“Why?”

“So I am not to know anything about you?”

She faced him a long moment, and, despite all his curiosity, he could not divine what was passing behind her eyes.

“Wonder if I shall ever see into those eyes?” he said, wandering from his question. His gaze rested a moment on the sensitive nostrils and the delicate mouth with its poised upper lip; and, suddenly, he said, as though noticing it for the first time:

“You can be beautiful when you want to—why don’t you?” Then he laughed and said in a lighter tone, “Inga, if I were ten years younger, I’d be madly in love with those eyes of yours.”

“Would that help?” she said, her eyes filling with a sudden compassionate gentleness.

This frank question threw him into a turmoil. He seemed suddenly recalled to himself—to the imminence of some crisis dominating his freedom of decision. He went from her brusquely, turning about the studio with restless, nervous step, snapping his fingers with quick, irritated gesture, until, as she waited, he came as suddenly back and seized her in his big hands.

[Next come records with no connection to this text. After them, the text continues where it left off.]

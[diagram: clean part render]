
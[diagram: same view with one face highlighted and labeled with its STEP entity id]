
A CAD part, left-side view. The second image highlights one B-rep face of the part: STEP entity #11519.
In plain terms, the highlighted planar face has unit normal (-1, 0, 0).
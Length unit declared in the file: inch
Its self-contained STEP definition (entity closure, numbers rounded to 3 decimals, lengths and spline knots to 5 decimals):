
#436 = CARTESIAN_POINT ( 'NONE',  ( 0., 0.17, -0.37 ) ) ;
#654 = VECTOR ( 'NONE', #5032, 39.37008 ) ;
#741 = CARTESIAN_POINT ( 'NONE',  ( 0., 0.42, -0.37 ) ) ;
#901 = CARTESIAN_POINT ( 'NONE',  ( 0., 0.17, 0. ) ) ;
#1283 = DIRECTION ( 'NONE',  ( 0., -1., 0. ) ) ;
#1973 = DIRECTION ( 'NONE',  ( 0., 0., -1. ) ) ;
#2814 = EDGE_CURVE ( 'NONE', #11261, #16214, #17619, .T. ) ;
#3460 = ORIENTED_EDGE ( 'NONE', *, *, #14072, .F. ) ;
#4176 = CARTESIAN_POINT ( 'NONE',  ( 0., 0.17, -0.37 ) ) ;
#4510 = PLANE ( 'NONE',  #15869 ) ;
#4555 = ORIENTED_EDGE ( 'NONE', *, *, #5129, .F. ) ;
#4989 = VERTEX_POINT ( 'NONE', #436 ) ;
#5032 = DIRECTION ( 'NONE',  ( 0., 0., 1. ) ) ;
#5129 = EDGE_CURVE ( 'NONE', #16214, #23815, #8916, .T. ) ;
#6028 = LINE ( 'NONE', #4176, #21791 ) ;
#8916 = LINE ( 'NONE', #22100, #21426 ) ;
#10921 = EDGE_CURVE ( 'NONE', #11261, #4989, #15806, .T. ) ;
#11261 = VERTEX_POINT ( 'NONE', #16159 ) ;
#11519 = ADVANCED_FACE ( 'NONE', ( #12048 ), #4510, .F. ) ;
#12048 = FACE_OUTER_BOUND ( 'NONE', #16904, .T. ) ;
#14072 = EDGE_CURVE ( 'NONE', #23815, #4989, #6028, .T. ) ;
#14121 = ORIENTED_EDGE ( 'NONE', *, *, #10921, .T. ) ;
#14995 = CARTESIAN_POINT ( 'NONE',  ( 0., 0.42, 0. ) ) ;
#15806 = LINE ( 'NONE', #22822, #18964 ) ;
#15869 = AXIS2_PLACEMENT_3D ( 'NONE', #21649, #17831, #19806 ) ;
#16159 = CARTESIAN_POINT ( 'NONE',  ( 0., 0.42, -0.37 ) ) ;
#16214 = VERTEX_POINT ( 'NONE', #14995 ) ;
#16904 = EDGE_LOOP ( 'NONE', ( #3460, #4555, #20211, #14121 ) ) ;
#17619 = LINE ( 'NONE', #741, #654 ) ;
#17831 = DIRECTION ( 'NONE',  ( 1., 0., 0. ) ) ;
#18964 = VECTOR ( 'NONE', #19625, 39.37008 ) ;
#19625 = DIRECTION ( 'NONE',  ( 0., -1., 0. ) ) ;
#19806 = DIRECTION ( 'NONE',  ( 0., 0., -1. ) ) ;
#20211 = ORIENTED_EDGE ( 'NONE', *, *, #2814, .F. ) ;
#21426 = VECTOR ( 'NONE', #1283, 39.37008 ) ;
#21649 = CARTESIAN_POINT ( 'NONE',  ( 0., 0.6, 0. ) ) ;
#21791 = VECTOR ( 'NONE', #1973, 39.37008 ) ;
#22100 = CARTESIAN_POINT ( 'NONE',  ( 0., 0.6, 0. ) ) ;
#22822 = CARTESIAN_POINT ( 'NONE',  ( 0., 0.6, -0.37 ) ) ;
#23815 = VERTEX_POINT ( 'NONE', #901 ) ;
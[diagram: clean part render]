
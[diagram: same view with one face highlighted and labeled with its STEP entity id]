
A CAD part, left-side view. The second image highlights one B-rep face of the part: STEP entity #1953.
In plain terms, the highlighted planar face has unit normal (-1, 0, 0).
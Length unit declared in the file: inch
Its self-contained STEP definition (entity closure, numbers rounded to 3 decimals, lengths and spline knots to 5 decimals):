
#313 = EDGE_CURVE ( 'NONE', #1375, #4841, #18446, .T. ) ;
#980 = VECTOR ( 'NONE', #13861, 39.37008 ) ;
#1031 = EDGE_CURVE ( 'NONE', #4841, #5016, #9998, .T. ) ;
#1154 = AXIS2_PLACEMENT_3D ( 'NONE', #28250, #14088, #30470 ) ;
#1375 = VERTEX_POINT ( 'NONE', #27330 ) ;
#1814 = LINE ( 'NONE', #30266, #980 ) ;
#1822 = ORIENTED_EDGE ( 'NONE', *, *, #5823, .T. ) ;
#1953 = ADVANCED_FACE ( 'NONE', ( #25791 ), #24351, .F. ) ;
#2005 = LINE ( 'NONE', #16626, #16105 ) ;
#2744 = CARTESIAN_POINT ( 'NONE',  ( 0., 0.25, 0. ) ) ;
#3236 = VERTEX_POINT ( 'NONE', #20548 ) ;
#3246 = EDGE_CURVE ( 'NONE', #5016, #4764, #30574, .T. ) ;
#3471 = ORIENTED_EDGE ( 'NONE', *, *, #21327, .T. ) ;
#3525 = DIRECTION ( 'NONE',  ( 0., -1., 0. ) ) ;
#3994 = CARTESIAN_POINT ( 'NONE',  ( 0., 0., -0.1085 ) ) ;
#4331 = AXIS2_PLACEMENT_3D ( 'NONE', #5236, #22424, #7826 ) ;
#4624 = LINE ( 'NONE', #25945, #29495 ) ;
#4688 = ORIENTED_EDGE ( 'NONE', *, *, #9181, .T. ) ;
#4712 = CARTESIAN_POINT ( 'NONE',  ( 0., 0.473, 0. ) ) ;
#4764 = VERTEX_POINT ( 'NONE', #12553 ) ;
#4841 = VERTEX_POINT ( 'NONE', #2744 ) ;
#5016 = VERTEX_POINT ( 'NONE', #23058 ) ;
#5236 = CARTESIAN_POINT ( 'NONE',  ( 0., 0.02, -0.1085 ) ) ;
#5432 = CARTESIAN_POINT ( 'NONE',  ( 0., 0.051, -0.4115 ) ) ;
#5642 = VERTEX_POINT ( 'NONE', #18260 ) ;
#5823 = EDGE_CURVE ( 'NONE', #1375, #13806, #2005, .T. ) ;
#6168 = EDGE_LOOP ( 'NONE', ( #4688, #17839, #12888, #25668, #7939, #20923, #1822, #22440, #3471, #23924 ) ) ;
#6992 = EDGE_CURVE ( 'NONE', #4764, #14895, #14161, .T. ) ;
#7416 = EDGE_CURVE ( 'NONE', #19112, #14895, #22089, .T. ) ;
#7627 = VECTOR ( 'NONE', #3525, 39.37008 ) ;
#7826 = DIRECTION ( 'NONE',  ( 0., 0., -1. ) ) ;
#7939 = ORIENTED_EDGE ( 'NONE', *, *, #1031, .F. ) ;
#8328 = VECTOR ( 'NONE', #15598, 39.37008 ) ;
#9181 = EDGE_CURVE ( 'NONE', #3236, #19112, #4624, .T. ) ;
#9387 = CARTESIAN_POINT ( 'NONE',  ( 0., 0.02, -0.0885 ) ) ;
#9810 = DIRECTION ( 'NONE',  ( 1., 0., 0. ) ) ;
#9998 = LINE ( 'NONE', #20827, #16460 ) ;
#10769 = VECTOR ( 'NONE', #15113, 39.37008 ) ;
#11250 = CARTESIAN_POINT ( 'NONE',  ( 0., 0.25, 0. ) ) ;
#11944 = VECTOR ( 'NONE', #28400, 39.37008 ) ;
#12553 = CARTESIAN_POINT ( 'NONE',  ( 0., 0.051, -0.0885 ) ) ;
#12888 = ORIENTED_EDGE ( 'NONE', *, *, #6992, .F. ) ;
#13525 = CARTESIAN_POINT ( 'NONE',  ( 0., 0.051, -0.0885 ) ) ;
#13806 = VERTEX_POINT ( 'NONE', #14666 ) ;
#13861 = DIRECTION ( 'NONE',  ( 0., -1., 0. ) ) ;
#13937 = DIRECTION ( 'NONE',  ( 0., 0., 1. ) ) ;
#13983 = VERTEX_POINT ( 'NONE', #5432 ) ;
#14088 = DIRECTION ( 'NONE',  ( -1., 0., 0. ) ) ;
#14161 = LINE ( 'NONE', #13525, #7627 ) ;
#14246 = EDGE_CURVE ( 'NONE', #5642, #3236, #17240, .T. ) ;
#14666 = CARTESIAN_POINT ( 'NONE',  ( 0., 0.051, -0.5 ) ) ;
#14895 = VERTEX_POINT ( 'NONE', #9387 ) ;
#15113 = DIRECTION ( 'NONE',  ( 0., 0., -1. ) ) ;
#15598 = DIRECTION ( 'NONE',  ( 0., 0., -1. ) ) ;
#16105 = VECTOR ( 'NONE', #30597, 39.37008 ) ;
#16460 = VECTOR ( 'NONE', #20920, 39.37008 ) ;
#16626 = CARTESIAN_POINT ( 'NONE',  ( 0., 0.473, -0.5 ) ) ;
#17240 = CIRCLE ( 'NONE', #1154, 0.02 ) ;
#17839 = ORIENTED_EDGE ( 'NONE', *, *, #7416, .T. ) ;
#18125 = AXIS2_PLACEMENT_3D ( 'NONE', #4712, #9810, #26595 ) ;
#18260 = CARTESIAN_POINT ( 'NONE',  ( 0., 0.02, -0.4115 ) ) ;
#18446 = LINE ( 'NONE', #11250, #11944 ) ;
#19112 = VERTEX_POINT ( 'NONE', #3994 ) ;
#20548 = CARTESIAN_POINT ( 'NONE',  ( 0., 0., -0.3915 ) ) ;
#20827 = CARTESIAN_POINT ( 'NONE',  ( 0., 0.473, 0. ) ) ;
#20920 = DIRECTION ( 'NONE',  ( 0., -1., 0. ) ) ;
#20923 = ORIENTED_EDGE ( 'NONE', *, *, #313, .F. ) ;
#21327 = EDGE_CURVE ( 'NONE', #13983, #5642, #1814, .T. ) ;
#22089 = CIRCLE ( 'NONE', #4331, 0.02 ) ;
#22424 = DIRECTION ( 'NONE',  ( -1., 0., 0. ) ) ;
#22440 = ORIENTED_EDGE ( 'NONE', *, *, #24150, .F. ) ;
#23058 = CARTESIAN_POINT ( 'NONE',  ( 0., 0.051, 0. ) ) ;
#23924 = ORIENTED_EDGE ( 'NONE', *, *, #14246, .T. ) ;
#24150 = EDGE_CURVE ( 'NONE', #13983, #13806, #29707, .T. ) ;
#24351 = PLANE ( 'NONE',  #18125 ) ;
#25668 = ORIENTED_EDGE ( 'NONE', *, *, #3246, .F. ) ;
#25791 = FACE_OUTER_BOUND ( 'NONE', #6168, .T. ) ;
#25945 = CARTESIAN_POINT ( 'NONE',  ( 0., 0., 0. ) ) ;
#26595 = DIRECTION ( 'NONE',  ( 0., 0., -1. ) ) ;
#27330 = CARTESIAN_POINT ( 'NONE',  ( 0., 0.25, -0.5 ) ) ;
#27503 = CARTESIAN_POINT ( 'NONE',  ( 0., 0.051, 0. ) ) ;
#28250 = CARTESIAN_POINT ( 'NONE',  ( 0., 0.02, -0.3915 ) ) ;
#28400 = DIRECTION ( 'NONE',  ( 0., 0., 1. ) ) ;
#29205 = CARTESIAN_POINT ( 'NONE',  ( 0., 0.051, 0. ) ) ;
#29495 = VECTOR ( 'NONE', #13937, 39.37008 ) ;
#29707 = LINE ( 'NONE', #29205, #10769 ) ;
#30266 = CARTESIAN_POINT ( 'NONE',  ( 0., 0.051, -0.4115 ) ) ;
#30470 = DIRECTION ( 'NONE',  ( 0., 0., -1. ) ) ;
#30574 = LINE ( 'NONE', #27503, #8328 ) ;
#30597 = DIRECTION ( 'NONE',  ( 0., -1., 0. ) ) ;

“Inga, whatever you do, don’t get to caring for me—do you hear?” he said vehemently, with the stricken intensity of his disordered moods. Then each seemed struck with the strangeness and the significance of what they had been saying. He repeated: “Do you hear—do you understand—not that!”

She looked at him, yet across her eyes, as across her soul, the same misty curtain seemed to intervene. Then she shrugged her shoulders, as much as to lay the decision on the lap of fate.

“It will only bring you suffering,” he said roughly, almost angrily.